(HOW TO COMPLETE THIS TASK):
Once the pictures are set aside, repeat all of the data below exactly.

(Data entries)
•••

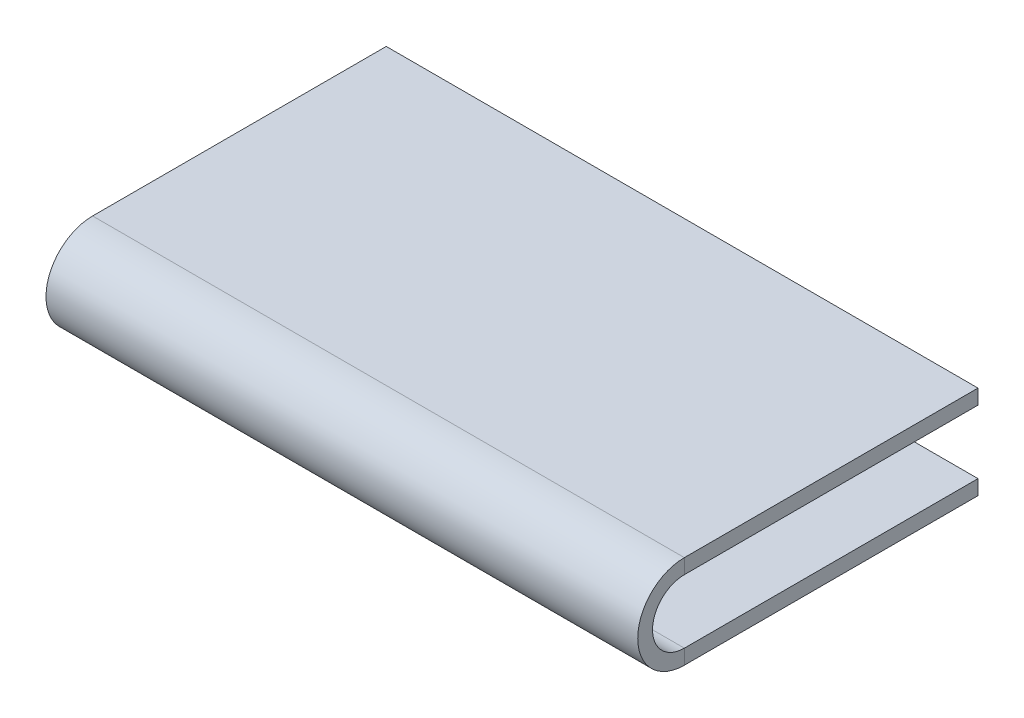
from build123d import *

# Parameters (mm, degrees)
TABAN_FLAN_1_DEPTH = 40


# Sheet-metal steps are written as plain solids
with BuildPart() as part:
    # Çizim1 → Taban-Flanş1 (new body)
    with BuildSketch(Plane.YZ):
        with BuildLine():
            Line((0, 0), (0, 19.85))
            ThreePointArc((0, 19.85), (2.15, 22), (4.3, 19.85))
            Line((4.3, 19.85), (4.3, 0))
            Line((4.3, 0), (5.3, 0))
            Line((5.3, 0), (5.3, 19.85))
            ThreePointArc((5.3, 19.85), (2.15, 23), (-1, 19.85))
            Line((-1, 19.85), (-1, 0))
            Line((-1, 0), (0, 0))
        make_face()
    extrude(amount=TABAN_FLAN_1_DEPTH)


solid = part.part

•••

(SOLUTION BELOW):
from build123d import *

# Parameters (mm, degrees)
TABAN_FLAN_1_DEPTH = 40


# Sheet-metal steps are written as plain solids
with BuildPart() as part:
    # Çizim1 → Taban-Flanş1 (new body)
    with BuildSketch(Plane.YZ):
        with BuildLine():
            Line((0, 0), (0, 19.85))
            ThreePointArc((0, 19.85), (2.15, 22), (4.3, 19.85))
            Line((4.3, 19.85), (4.3, 0))
            Line((4.3, 0), (5.3, 0))
            Line((5.3, 0), (5.3, 19.85))
            ThreePointArc((5.3, 19.85), (2.15, 23), (-1, 19.85))
            Line((-1, 19.85), (-1, 0))
            Line((-1, 0), (0, 0))
        make_face()
    extrude(amount=TABAN_FLAN_1_DEPTH)


solid = part.part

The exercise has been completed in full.